Moreover, we selected three datasets with varying size, temporal edges and duration of time interval in the dataset.
- Dataset email-Eu-core-temporalDept3 (*) is an incoming and outgoing traffic for E-Mail graph. A separate edge is created for each recipient of the e-mail.
- Dataset CollegeMsg (**) is a temporal graph comprised of private messages sent on an online social network at the University of California.
- Dataset soc-sign-bitcoinalpha (***) is a transaction graph in BitCoin Alpha.
- (*) Paranjape, Ashwin, Austin R. Benson, and Jure Leskovec. “Motifs in temporal networks.” Proceedings of the Tenth ACM International Conference on Web Search and Data Mining. 2017.
- (**) Panzarasa, Pietro, Tore Opsahl, and Kathleen M. Carley. “Patterns and dynamics of users’ behavior and interaction: Network analysis of an online community.” Journal of the American Society for Information Science and Technology 60.5 (2009): 911-932.
- (***) Kumar, Srijan, et al. “Edge weight prediction in weighted signed networks.” 2016 IEEE 16th International Conference on Data Mining (ICDM). IEEE, 2016.
Each distribution contains static (the name of folder ends with static) and dynamic datasets (the name of folder ends with dynamic):
Each dataset contains a time_span file (the time intervals for updating the graphs) and graph files. The data structure of graph file is the same as the Dataset of CNCAH Network.
Download:
- Gaussian Distribution (22.17 GB after extraction, 554,288 files)

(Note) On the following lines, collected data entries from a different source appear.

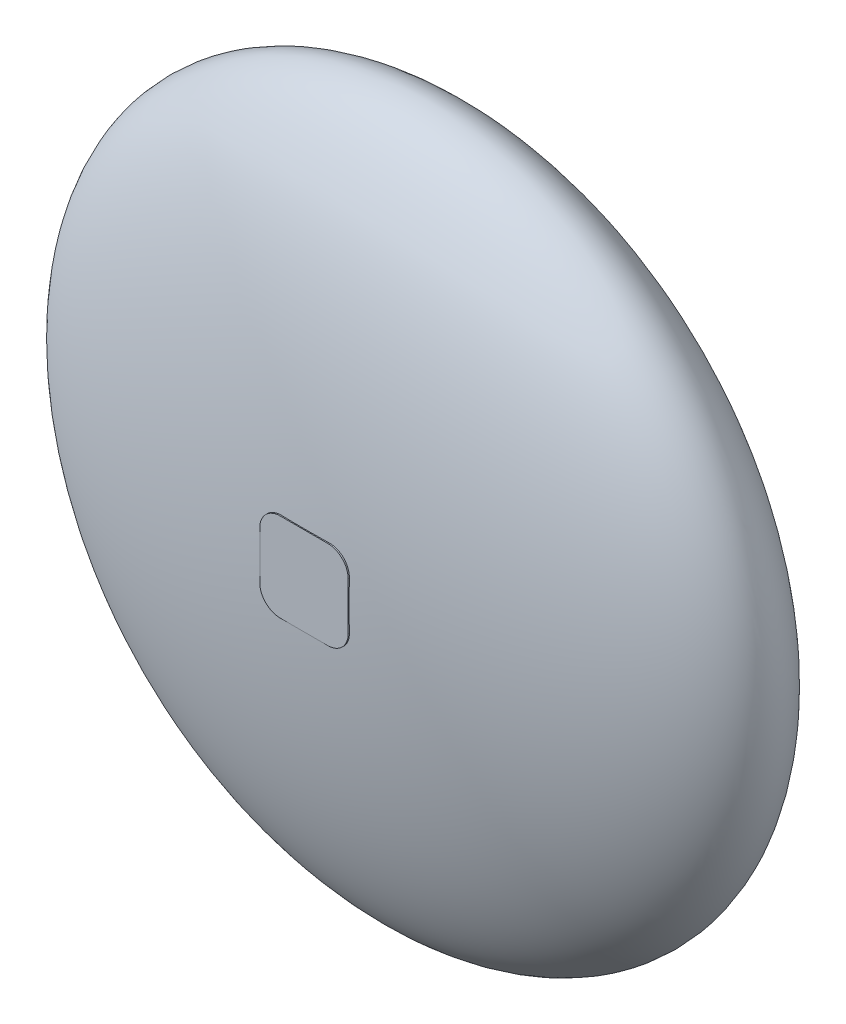
ISO-10303-21;
HEADER;
FILE_DESCRIPTION(('STEP AP214'),'2;1');
FILE_NAME('part.step','',(''),(''),'','','');
FILE_SCHEMA(('AUTOMOTIVE_DESIGN { 1 0 10303 214 1 1 1 1 }'));
ENDSEC;
DATA;
#1=APPLICATION_CONTEXT('core data for automotive mechanical design processes');
#2=APPLICATION_PROTOCOL_DEFINITION('international standard','automotive_design',2000,#1);
#3=PRODUCT_CONTEXT('',#1,'mechanical');
#4=PRODUCT('Part','Part','',(#3));
#5=PRODUCT_RELATED_PRODUCT_CATEGORY('part','',(#4));
#6=PRODUCT_DEFINITION_FORMATION('','',#4);
#7=PRODUCT_DEFINITION_CONTEXT('part definition',#1,'design');
#8=PRODUCT_DEFINITION('design','',#6,#7);
#9=PRODUCT_DEFINITION_SHAPE('','',#8);
#10=(LENGTH_UNIT() NAMED_UNIT(*) SI_UNIT(.MILLI.,.METRE.));
#11=(NAMED_UNIT(*) PLANE_ANGLE_UNIT() SI_UNIT($,.RADIAN.));
#12=(NAMED_UNIT(*) SI_UNIT($,.STERADIAN.) SOLID_ANGLE_UNIT());
#13=UNCERTAINTY_MEASURE_WITH_UNIT(LENGTH_MEASURE(1.E-05),#10,'distance_accuracy_value','');
#14=(GEOMETRIC_REPRESENTATION_CONTEXT(3) GLOBAL_UNCERTAINTY_ASSIGNED_CONTEXT((#13)) GLOBAL_UNIT_ASSIGNED_CONTEXT((#10,
#11,#12)) REPRESENTATION_CONTEXT('',''));
#15=CARTESIAN_POINT('',(0.,0.,0.));
#16=DIRECTION('',(0.,0.,1.));
#17=DIRECTION('',(1.,0.,0.));
#18=AXIS2_PLACEMENT_3D('',#15,#16,#17);
#19=CARTESIAN_POINT('',(0.,0.,0.));
#20=DIRECTION('',(0.,1.,0.));
#21=DIRECTION('',(-1.,0.,0.));
#22=AXIS2_PLACEMENT_3D('',#19,#20,#21);
#23=ELLIPSE('',#22,52.5,17.5);
#24=TRIMMED_CURVE('',#23,(PARAMETER_VALUE(1.5707963267949)),(PARAMETER_VALUE(4.71238898038469)),
.T.,.PARAMETER.);
#25=CARTESIAN_POINT('',(0.,0.,-17.5));
#26=DIRECTION('',(0.,0.,-1.));
#27=AXIS1_PLACEMENT('',#25,#26);
#28=SURFACE_OF_REVOLUTION('',#24,#27);
#29=CARTESIAN_POINT('',(0.,0.,-17.5));
#30=VERTEX_POINT('',#29);
#31=VERTEX_LOOP('',#30);
#32=FACE_BOUND('',#31,.T.);
#33=CARTESIAN_POINT('',(-6.5,6.5,17.2296578930375));
#34=CARTESIAN_POINT('',(-6.5,6.06673915113738,17.2478179504002));
#35=CARTESIAN_POINT('',(-6.5,5.63340143215986,17.2641388809829));
#36=CARTESIAN_POINT('',(-6.5,4.76672510889701,17.2931201536714));
#37=CARTESIAN_POINT('',(-6.5,4.33338653887092,17.3057815200269));
#38=CARTESIAN_POINT('',(-6.5,3.46670916694604,17.3274692129494));
#39=CARTESIAN_POINT('',(-6.5,3.03337038403128,17.3364962988253));
#40=CARTESIAN_POINT('',(-6.5,2.16669286962265,17.3509323271832));
#41=CARTESIAN_POINT('',(-6.5,1.73335414650458,17.3563417727258));
#42=CARTESIAN_POINT('',(-6.5,0.866676947528741,17.3635530016783));
#43=CARTESIAN_POINT('',(-6.5,0.433338473764371,17.3653550368415));
#44=CARTESIAN_POINT('',(-6.5,-0.433338473764368,17.3653550368415));
#45=CARTESIAN_POINT('',(-6.5,-0.866676947528738,17.3635530016783));
#46=CARTESIAN_POINT('',(-6.5,-1.73335414650458,17.3563417727258));
#47=CARTESIAN_POINT('',(-6.5,-2.16669286962265,17.3509323271832));
#48=CARTESIAN_POINT('',(-6.5,-3.03337038403128,17.3364962988253));
#49=CARTESIAN_POINT('',(-6.5,-3.46670916694603,17.3274692129494));
#50=CARTESIAN_POINT('',(-6.5,-4.33338653887092,17.3057815200269));
#51=CARTESIAN_POINT('',(-6.5,-4.76672510889701,17.2931201536714));
#52=CARTESIAN_POINT('',(-6.5,-5.63340143215985,17.2641388809829));
#53=CARTESIAN_POINT('',(-6.5,-6.06673915113738,17.2478179504002));
#54=CARTESIAN_POINT('',(-6.5,-6.49999999999999,17.2296578930375));
#55=B_SPLINE_CURVE_WITH_KNOTS('',3,(#33,#34,#35,#36,#37,#38,#39,#40,#41,#42,#43,#44,#45,#46,#47,
#48,#49,#50,#51,#52,#53,#54),.UNSPECIFIED.,.F.,.F.,(4,2,2,2,2,2,2,2,2,2,4),(0.,1.3009195823563,
2.60147470608828,3.90175796415447,5.20186037031147,6.50187204200393,7.80188371369638,
9.10198611985339,10.4022693779196,11.7028245016516,13.0037440840079),.UNSPECIFIED.);
#56=CARTESIAN_POINT('',(-6.5,3.5,17.326120294066));
#57=VERTEX_POINT('',#56);
#58=CARTESIAN_POINT('',(-6.5,-3.5,17.326120294066));
#59=VERTEX_POINT('',#58);
#60=EDGE_CURVE('E195',#57,#59,#55,.T.);
#61=ORIENTED_EDGE('',*,*,#60,.F.);
#62=CARTESIAN_POINT('',(-6.50000000000001,3.50000000000001,17.3261202940657));
#63=CARTESIAN_POINT('',(-6.50000808201307,3.58434884798788,17.3242268826554));
#64=CARTESIAN_POINT('',(-6.49644266273658,3.66869573952322,17.3224134129366));
#65=CARTESIAN_POINT('',(-6.4822264240845,3.83679011726138,17.3189584979342));
#66=CARTESIAN_POINT('',(-6.47157592798171,3.92053763063599,17.3173170448059));
#67=CARTESIAN_POINT('',(-6.44326163821618,4.08678385219233,17.3142192789836));
#68=CARTESIAN_POINT('',(-6.42560305528571,4.1692834410394,17.3127628297931));
#69=CARTESIAN_POINT('',(-6.38341504311973,4.33248509376793,17.3100443404612));
#70=CARTESIAN_POINT('',(-6.35888570223373,4.41318718074865,17.3087822978203));
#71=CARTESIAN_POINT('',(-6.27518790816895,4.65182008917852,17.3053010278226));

- Poisson Distribution (11.08 GB after extraction, 277,144 files)
- Random Uniform Distribution (11.00 GB after extraction, 277,144 files)
If you use the dataset for your research/development, please cite the following paper:
Cheong, Se-Hang, Yain-Whar Si, and Raymond K. Wong. "Online force-directed algorithms for visualization of dynamic graphs." Information Sciences 556 (2021): 223-255.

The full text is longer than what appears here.